The VENUSS study [3] presented multiple decision curves, but their utility in providing patient-specific risks is limited because such risk-grouping de-emphasizes the variability in threshold probabilities. The three predefined risk groups produced exactly three discrete points instead of a continuous curve reflecting a range of potential threshold probabilities. Consider a scenario in which a patient contemplates whether to undergo adjuvant treatment, where an applicable threshold probability for that decision ranges between 10 and 20% for the outcome of recurrence at 5 years: all patients in the VENUSS intermediate risk group (group-based risk of 15.4% at 5 years) would have been recommended for adjuvant treatment. However, depending on where they fall within the risk group, patients may have made a different decision if they were provided with a specific recurrence probability at a landmark time instead of the VENUSS group. Thus, the precision of risk predictions enhances the shared decision-making process between patients and physicians to incorporate individual risk tolerance.
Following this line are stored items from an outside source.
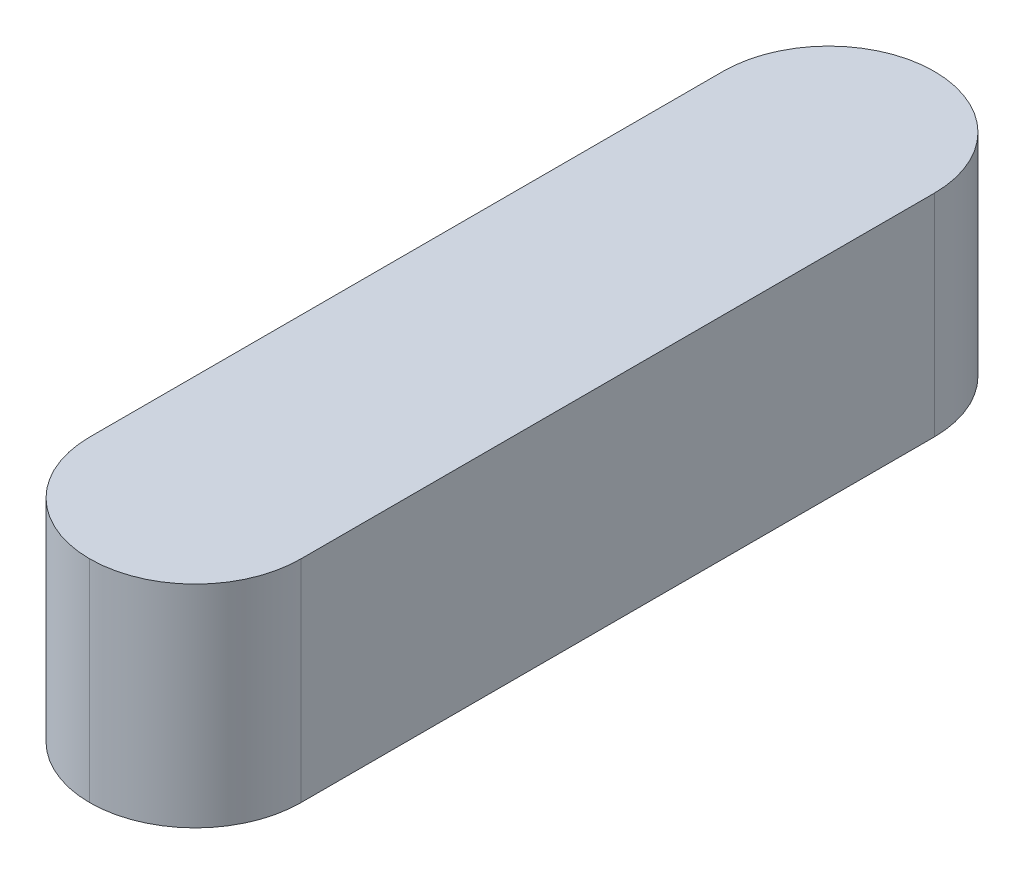
from build123d import *

# Parameters (mm, degrees)
SKETCH1_W          = 4
SKETCH1_H          = 4
KEYEXTRUSION_DEPTH = 16
ENDRADII_R         = 2


with BuildPart() as part:
    # Sketch1 → KeyExtrusion (new body)
    with BuildSketch(Plane.XY):
        with Locations((2, 2)):
            Rectangle(SKETCH1_W, SKETCH1_H)
    extrude(amount=KEYEXTRUSION_DEPTH)

    # EndRadii
    endradii_edges = [part.edges().sort_by_distance(p)[0] for p in [
        (0, 2, 0),
        (4, 2, 0),
        (0, 2, 16),
        (4, 2, 16),
    ]]
    fillet(endradii_edges, radius=ENDRADII_R - 0.0001)  # a hair under: the kernel refuses the full size


solid = part.part
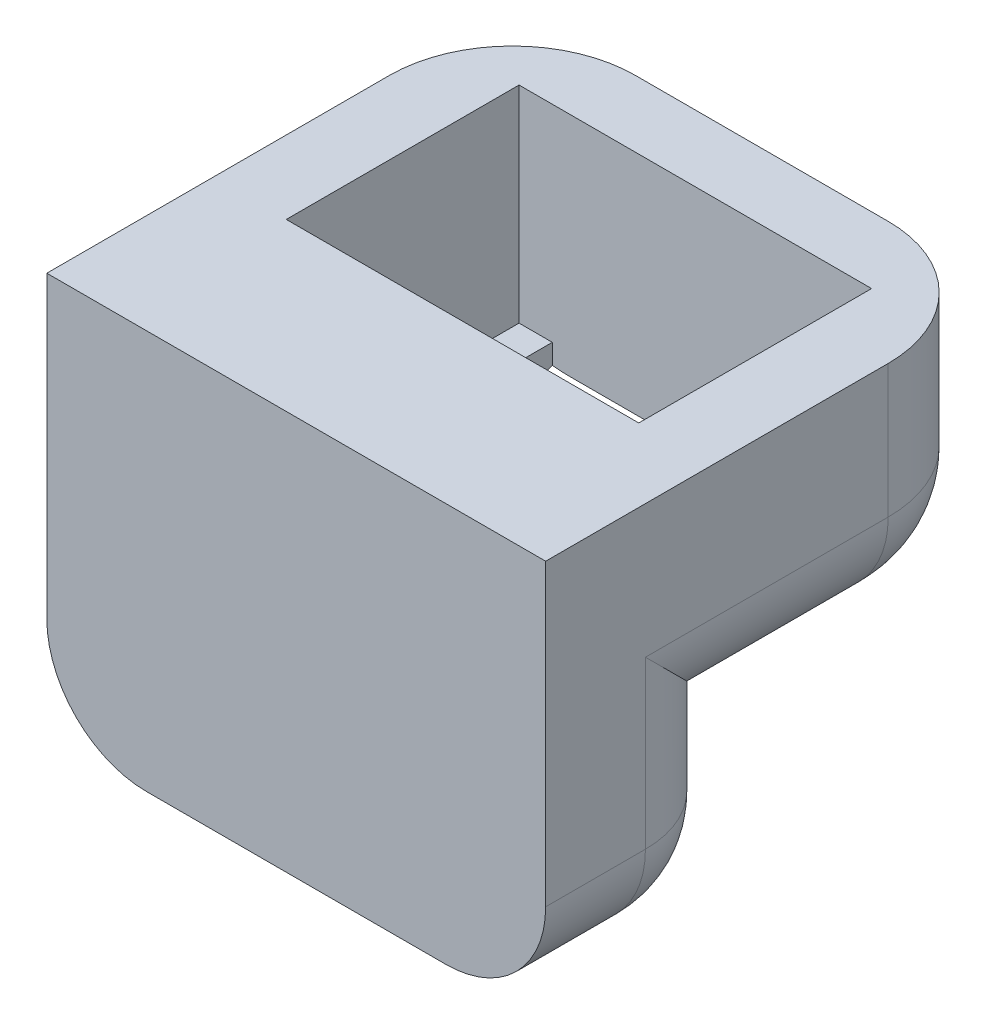
from build123d import *

# Parameters (mm, degrees)
SKETCH1_W           = 15
SKETCH1_H           = 14
BOSS_EXTRUDE1_DEPTH = 7
FILLET1_R           = 3.7
SKETCH2_W           = 10.6
SKETCH2_H           = 7
CUT_EXTRUDE1_DEPTH  = 6.2
SKETCH3_W           = 8.6
SKETCH3_H           = 6
CUT_EXTRUDE2_DEPTH  = 12.987076374
SKETCH4_W           = 15
SKETCH4_H           = 6
BOSS_EXTRUDE2_DEPTH = 5
FILLET8_R           = 3
FILLET9_R           = 3
FILLET10_R          = 3


with BuildPart() as part:
    # Sketch1 → Boss-Extrude1 (new body)
    with BuildSketch(Plane(origin=(0, 0, 0), x_dir=(1, 0, 0), z_dir=(0, 1, 0))):
        Rectangle(SKETCH1_W, SKETCH1_H)
    extrude(amount=BOSS_EXTRUDE1_DEPTH)

    # Fillet1
    fillet1_edges = [part.edges().sort_by_distance(p)[0] for p in [
        (-7.5, 3.5, -7),
        (7.5, 3.5, -7),
    ]]
    fillet(fillet1_edges, radius=FILLET1_R)

    # Sketch2 → Cut-Extrude1 (cut)
    with BuildSketch(Plane(origin=(0, 7, 0), x_dir=(1, 0, 0), z_dir=(0, 1, 0))):
        with Locations((0, 1.5)):
            Rectangle(SKETCH2_W, SKETCH2_H)
    extrude(amount=-CUT_EXTRUDE1_DEPTH, mode=Mode.SUBTRACT)

    # Sketch3 → Cut-Extrude2 (cut, through all)
    with BuildSketch(Plane(origin=(0, 0.8, 0), x_dir=(1, 0, 0), z_dir=(0, 1, 0))):
        with Locations((0, 2)):
            Rectangle(SKETCH3_W, SKETCH3_H)
    extrude(amount=-CUT_EXTRUDE2_DEPTH, mode=Mode.SUBTRACT)

    # Sketch4 → Boss-Extrude2 (add)
    with BuildSketch(Plane.XZ):
        with Locations((0, 4)):
            Rectangle(SKETCH4_W, SKETCH4_H)
    extrude(amount=BOSS_EXTRUDE2_DEPTH)

    # Fillet8
    fillet8_edges = [part.edges().sort_by_distance(p)[0] for p in [
        (-7.5, -5, 4),
        (7.5, -5, 4),
    ]]
    fillet(fillet8_edges, radius=FILLET8_R)

    # Fillet9
    # the kernel refuses this fillet: 3 mm, written as the material it takes off along each edge
    with BuildSketch(Plane(origin=(-3.8, 0, -3.3), x_dir=(0, 0, -1), z_dir=(1, 0, 0))) as fillet9_piece_1:
        with BuildLine():
            CenterArc((3.7 - FILLET9_R, FILLET9_R), FILLET9_R, 270, 90)
            Line((3.7, FILLET9_R), (3.7, 0))
            Line((3.7, 0), (3.7 - FILLET9_R, 0))
        make_face()
    revolve(axis=Axis((-3.8, 0, -3.3), (0, 1, 0)), revolution_arc=90, mode=Mode.SUBTRACT)
    with BuildSketch(Plane(origin=(3.8, 0, -3.3), x_dir=(0, 0, -1), z_dir=(-1, 0, 0))) as fillet9_piece_2:
        with BuildLine():
            CenterArc((3.7 - FILLET9_R, -FILLET9_R), FILLET9_R, 0, 90)
            Line((3.7, -FILLET9_R), (3.7, 0))
            Line((3.7, 0), (3.7 - FILLET9_R, 0))
        make_face()
    revolve(axis=Axis((3.8, 0, -3.3), (0, -1, 0)), revolution_arc=90, mode=Mode.SUBTRACT)
    with BuildSketch(Plane(origin=(-7.5, 0, 1), x_dir=(0, 1, 0), z_dir=(0, 0, -1))) as fillet9_piece_3:
        with BuildLine():
            CenterArc((FILLET9_R, FILLET9_R), FILLET9_R, 180, 90)
            Line((0, FILLET9_R), (0, 0))
            Line((0, 0), (FILLET9_R, 0))
        make_face()
    extrude(amount=4.3, mode=Mode.SUBTRACT)
    with BuildSketch(Plane(origin=(7.5, 0, -3.3), x_dir=(-1, 0, 0), z_dir=(0, 0, 1))) as fillet9_piece_4:
        with BuildLine():
            CenterArc((FILLET9_R, -FILLET9_R), FILLET9_R, 90, 90)
            Line((0, -FILLET9_R), (0, 0))
            Line((0, 0), (FILLET9_R, 0))
        make_face()
    extrude(amount=4.3, mode=Mode.SUBTRACT)
    with BuildSketch(Plane(origin=(-3.8, 0, -7), x_dir=(0, 0, 1), z_dir=(1, 0, 0))) as fillet9_piece_5:
        with BuildLine():
            CenterArc((FILLET9_R, -FILLET9_R), FILLET9_R, 90, 90)
            Line((0, -FILLET9_R), (0, 0))
            Line((0, 0), (FILLET9_R, 0))
        make_face()
    extrude(amount=7.6, mode=Mode.SUBTRACT)

    # Fillet10
    fillet10_edges = [part.edges().sort_by_distance(p)[0] for p in [
        (0, -5, 1),
        (7.5, 0.5, 1),
        (-7.5, 0.5, 1),
        (6.621320344, -4.121320344, 1),
        (-6.621320344, -4.121320344, 1),
    ]]
    fillet(fillet10_edges, radius=FILLET10_R)


solid = part.part
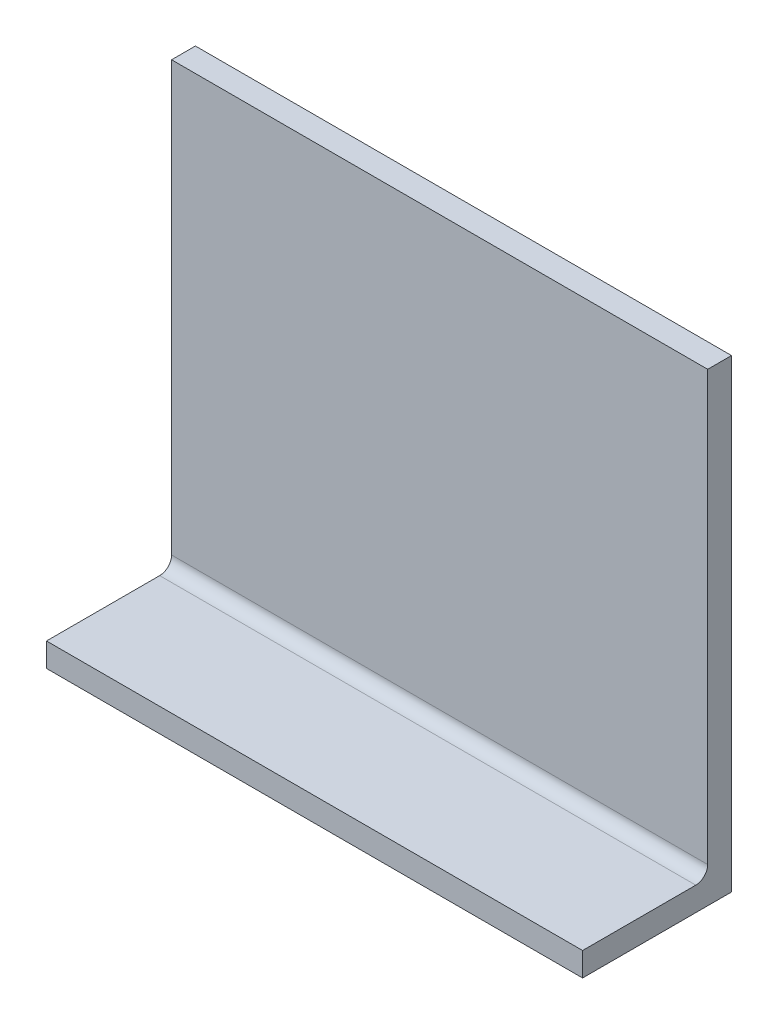
from build123d import *

# Parameters (mm, degrees)
SKETCH1_W           = 45
SKETCH1_H           = 12.5
BOSS_EXTRUDE1_DEPTH = 2
SKETCH2_W           = 45
SKETCH2_H           = 37
BOSS_EXTRUDE2_DEPTH = 2
FILLET1_R           = 1


with BuildPart() as part:
    # Sketch1 → Boss-Extrude1 (new body)
    with BuildSketch(Plane(origin=(0, 0, 0), x_dir=(1, 0, 0), z_dir=(0, 1, 0))):
        with Locations((22.5, 6.25)):
            Rectangle(SKETCH1_W, SKETCH1_H)
    extrude(amount=BOSS_EXTRUDE1_DEPTH)

    # Sketch2 → Boss-Extrude2 (add)
    with BuildSketch(Plane(origin=(0, 0, -12.5), x_dir=(-1, 0, 0), z_dir=(0, 0, -1))):
        with Locations((-22.5, 20.5)):
            Rectangle(SKETCH2_W, SKETCH2_H)
    extrude(amount=-BOSS_EXTRUDE2_DEPTH)

    # Fillet1
    fillet1_edges = [part.edges().sort_by_distance(p)[0] for p in [
        (22.5, 2, -10.5),
    ]]
    fillet(fillet1_edges, radius=FILLET1_R)


solid = part.part
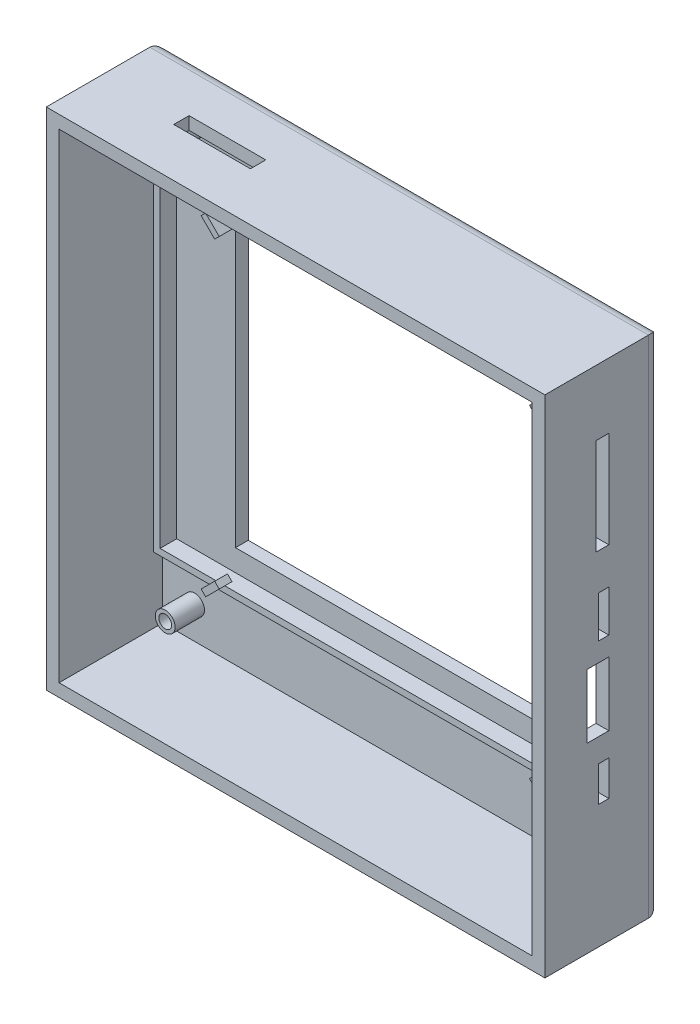
from build123d import *

# Parameters (mm, degrees)
SKETCH_876_W           = 78
SKETCH_876_H           = 79
EXTRUDE_1660_DEPTH     = 18.2
SKETCH_1708_W          = 74.00014986
SKETCH_1708_H          = 75.0001524
SKETCH_1708_W_2        = 69.2
SKETCH_1708_H_2        = 50
SKETCH_1708_W_3        = 57.6
SKETCH_1708_H_3        = 43.2
LCD_DEPTH              = 2
LCD_2_OUTLINE_W        = 71.5
LCD_2_OUTLINE_H        = 52
LCD_2_OUTLINE_W_2      = 69.5
LCD_2_OUTLINE_H_2      = 50
LCD_2_DEPTH            = 2.6
LCD_3_DEPTH            = 2
SKETCH_9_R             = 1.55
SKETCH_9_R_2           = 1.00000254
PCB_DEPTH              = 4.6
USB_START              = 74.00015
SKETCH_11_W            = 1.6
SKETCH_11_H            = 5.5
SKETCH_11_W_2          = 3.4
SKETCH_11_H_2          = 10
SKETCH_11_W_3          = 2
SKETCH_11_H_3          = 15.11
SKETCH_11_H_4          = 6.51
USB_DEPTH              = 1.999925
CUT_EXTRUDE_7042_REACH = 91.005
SKETCH_12_W            = 12
SKETCH_12_H            = 2.4
FILLET_1_R             = 2


# Read off the part's stored shape, not the designer's step: LCD边框
with BuildPart() as part:
    # Sketch 876 → Extrude 1660 (new body)
    with BuildSketch(Plane.XY):
        with Locations((1.76392246, -1.007858704)):
            Rectangle(SKETCH_876_W, SKETCH_876_H)
        Polygon((-17.23611691, -38.507858704), (-14.23610929, -38.507858704), (38.76399739, -38.507858704), (38.76399739, -20.507823144), (38.76399739, 15.492250516), (38.76399739, 36.492293696), (-35.23615247, 36.492293696), (-35.23615247, -38.507858704), align=None, mode=Mode.SUBTRACT)
    extrude(amount=-EXTRUDE_1660_DEPTH)

    # Sketch 1708 → LCD (add)
    # profile 1 of 2: a face of its own
    with BuildSketch(Plane(origin=(0, 0, -18.2), x_dir=(-1, 0, 0), z_dir=(0, 0, -1))):
        with Locations((-1.76392246, -1.007782504)):
            Rectangle(SKETCH_1708_W, SKETCH_1708_H)
        with Locations((-1.76392246, -1.007858704)):
            Rectangle(SKETCH_1708_W_2, SKETCH_1708_H_2, mode=Mode.SUBTRACT)
    # profile 2 of 2: a face of its own
    with BuildSketch(Plane(origin=(0, 0, -18.2), x_dir=(-1, 0, 0), z_dir=(0, 0, -1))):
        with Locations((-1.76392246, -1.007858704)):
            Rectangle(SKETCH_1708_W_2, SKETCH_1708_H_2)
        with Locations((-4.96392246, -1.007858704)):
            Rectangle(SKETCH_1708_W_3, SKETCH_1708_H_3, mode=Mode.SUBTRACT)
    extrude(amount=-LCD_DEPTH)

    # LCD 2 outline → LCD 2 (add)
    with BuildSketch(Plane.XY.offset(-16.2)):
        with Locations((1.71392246, -1.007858704)):
            Rectangle(LCD_2_OUTLINE_W, LCD_2_OUTLINE_H)
        with Locations((1.71392246, -1.007858704)):
            Rectangle(LCD_2_OUTLINE_W_2, LCD_2_OUTLINE_H_2, mode=Mode.SUBTRACT)
    extrude(amount=LCD_2_DEPTH)

    # 草图7 → LCD 3 (add)
    with BuildSketch(Plane.XY.offset(-13.6)):
        Polygon((-23.904159925, -27.007858704), (-21.782839581, -24.886538361), (-22.489946362, -24.17943158), (-24.611266706, -26.300751923), align=None)
        Polygon((27.461068732, -27.007858704), (29.582389075, -24.886538361), (28.875282294, -24.17943158), (26.75396195, -26.300751923), align=None)
        Polygon((26.75396195, 24.285034514), (28.875282294, 22.163714171), (29.582389075, 22.870820952), (27.461068732, 24.992141296), align=None)
        Polygon((-24.611266706, 24.285034514), (-22.489946362, 22.163714171), (-21.782839581, 22.870820952), (-23.904159925, 24.992141296), align=None)
    extrude(amount=LCD_3_DEPTH)

    # 草图9 → PCB螺丝位 (add)
    # profile 1 of 4: a face of its own
    with BuildSketch(Plane.XY.offset(-16.2)):
        with Locations(Location((-30.179759278, 31.492141296, 0), (0, 0, 180))):
            Circle(SKETCH_9_R)
        with Locations(Location((-30.179759278, 31.492141296, 0), (0, 0, 180))):
            Circle(SKETCH_9_R_2, mode=Mode.SUBTRACT)
    # profile 2 of 4: a face of its own
    with BuildSketch(Plane.XY.offset(-16.2)):
        with Locations(Location((33.76398723, 31.492283536, 0), (0, 0, 180))):
            Circle(SKETCH_9_R)
        with Locations(Location((33.76398723, 31.492283536, 0), (0, 0, 180))):
            Circle(SKETCH_9_R_2, mode=Mode.SUBTRACT)
    # profile 3 of 4: a face of its own
    with BuildSketch(Plane.XY.offset(-16.2)):
        with Locations(Location((33.76398723, -33.507848544, 0), (0, 0, 180))):
            Circle(SKETCH_9_R)
        with Locations(Location((33.76398723, -33.507848544, 0), (0, 0, 180))):
            Circle(SKETCH_9_R_2, mode=Mode.SUBTRACT)
    # profile 4 of 4: a face of its own
    with BuildSketch(Plane.XY.offset(-16.2)):
        with Locations(Location((-30.23614231, -33.507848544, 0), (0, 0, 180))):
            Circle(SKETCH_9_R)
        with Locations(Location((-30.23614231, -33.507848544, 0), (0, 0, 180))):
            Circle(SKETCH_9_R_2, mode=Mode.SUBTRACT)
    extrude(amount=PCB_DEPTH)

    # 草图11 → 切除-USB边 (cut)
    with BuildSketch(Plane(origin=(-35.23615247, 0, 0), x_dir=(0, 0, -1), z_dir=(1, 0, 0)).offset(USB_START)):
        with Locations((9.2, -18.437706304)):
            Rectangle(SKETCH_11_W, SKETCH_11_H)
        with Locations((8.3, -7.007706304)):
            Rectangle(SKETCH_11_W_2, SKETCH_11_H_2)
        with Locations((9, 20.737293696)):
            Rectangle(SKETCH_11_W_3, SKETCH_11_H_3)
        with Locations((9.2, 4.207293696)):
            Rectangle(SKETCH_11_W, SKETCH_11_H_4)
    extrude(amount=USB_DEPTH, mode=Mode.SUBTRACT)

    # 草图12 → Cut-Extrude 7042 (cut, up to next)
    with BuildSketch(Plane.XZ.offset(-36.492293696), mode=Mode.PRIVATE) as cut_extrude_7042_sk1:
        with Locations((-18.89615247, -8.8)):
            Rectangle(SKETCH_12_W, SKETCH_12_H)
    cut_extrude_7042_tool1 = extrude(cut_extrude_7042_sk1.sketch, amount=-CUT_EXTRUDE_7042_REACH, mode=Mode.PRIVATE) & part.part
    add(cut_extrude_7042_tool1.solids().sort_by_distance((-18.896152, 36.492294, -8.8))[0], mode=Mode.SUBTRACT)

    # 圆角1
    fillet_1_edges = [part.edges().sort_by_distance(p)[0] for p in [
        (-37.23607754, -1.007858704, -18.2),
        (1.76392246, -40.507858704, -18.2),
        (40.76392246, -1.007858704, -18.2),
        (1.76392246, 38.492141296, -18.2),
    ]]
    fillet(fillet_1_edges, radius=FILLET_1_R)


solid = part.part
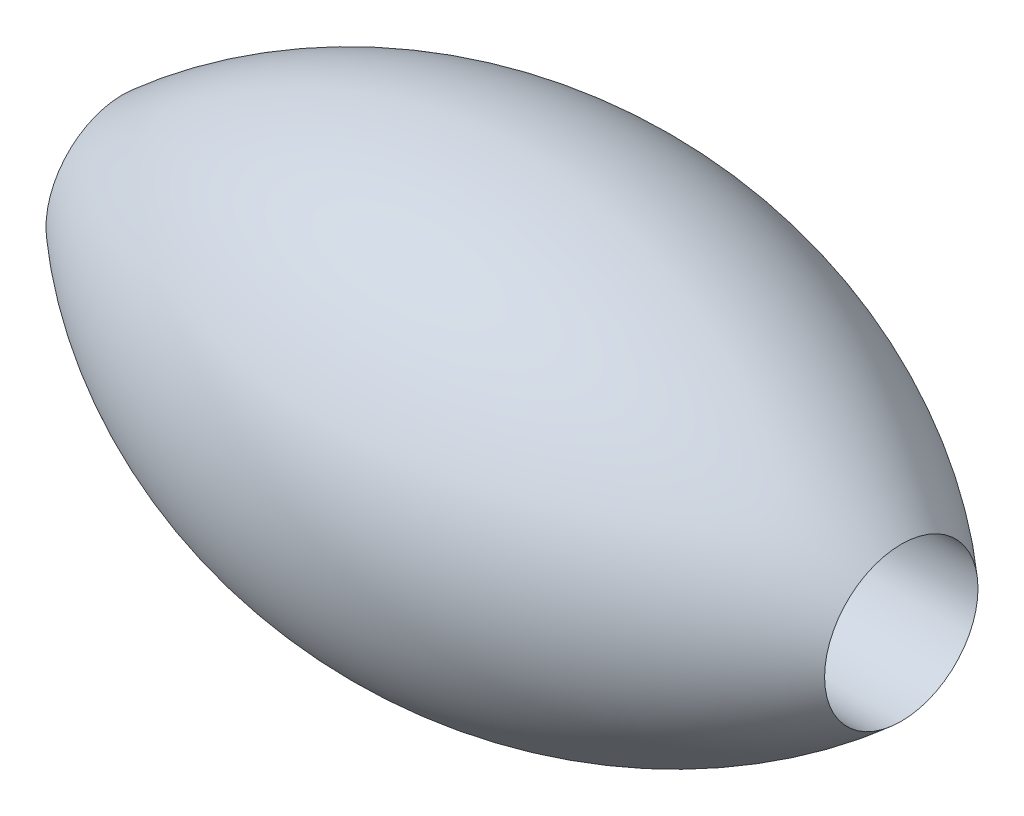
from build123d import *

# Parameters (mm, degrees)
INNER_LUMEN_DEPTH      = 6.948247608
INNER_LUMEN_DEPTH_BACK = 6.948247608
INNER_DIAMETER_R       = 0.52705


with BuildPart() as part:
    # Olive Tip → MainBody (revolve)
    with BuildSketch(Plane.XY):
        with BuildLine():
            Line((-5.537034775, 0), (0.812965225, 0))
            ThreePointArc((0.812965225, 0), (-2.362034775, -1.5367), (-5.537034775, 0))
        make_face()
    revolve(axis=Axis((-5.537034775, 0, 0), (1, 0, 0)))

    # Inner Diameter → Inner Lumen (cut, two sides: drawn at the far end of the back side and taken through both)
    with BuildSketch(Plane(origin=(0, 0, 0), x_dir=(0, 0, -1), z_dir=(1, 0, 0)).offset(-INNER_LUMEN_DEPTH_BACK)):
        Circle(INNER_DIAMETER_R)
    extrude(amount=INNER_LUMEN_DEPTH + INNER_LUMEN_DEPTH_BACK, mode=Mode.SUBTRACT)


solid = part.part

Generating precise risk estimates in the modern era

Instead of risk groups, the predicted probability of recurrence at a clinically relevant timepoint should be utilized for individualized patient care. The latter is more accurate, and can be derived directly from the prediction models. Previously, simplified scoring algorithms were favored because it was tedious and complicated to estimate precise outcome probabilities for time-to-event outcomes. This challenge has now been overcome by technology: prediction models can be translated into nomograms for publication [6], or transformed into web-based calculators [7]. By inputting specific patient characteristics, these open-access prediction tools can provide patient-specific predictions of cancer outcomes across different diseases, such as the 5-year recurrence-free probability following surgery for RCC [7].

Summary and recommendations

The current VENUSS risk grouping is valuable to define cohorts for clinical studies; however, to use VENUSS in the context of estimating patient-specific risk, the following recommendations must be considered. First, following the TRIPOD guidelines [8], the VENUSS study should provide adequate detail (cumulative baseline hazards, nomograms or web-based calculators) to allow calculations of patient-specific risks rather than only group-based risks. Second, any simplification of a developed prediction model is susceptible to some loss of predictive accuracy because of rounding [9]: we recommend formal validation of the VENUSS model using original model regression coefficients and thorough reporting of the predictive performance metrics before and after simplification of the scoring system [8, 10]. Third, comparisons with other RCC models must be conducted on the basis of validating the original model coefficients rather than risk groups. Addressing these recommendations would establish the validity of the VENUSS model for patient-specific risk estimation.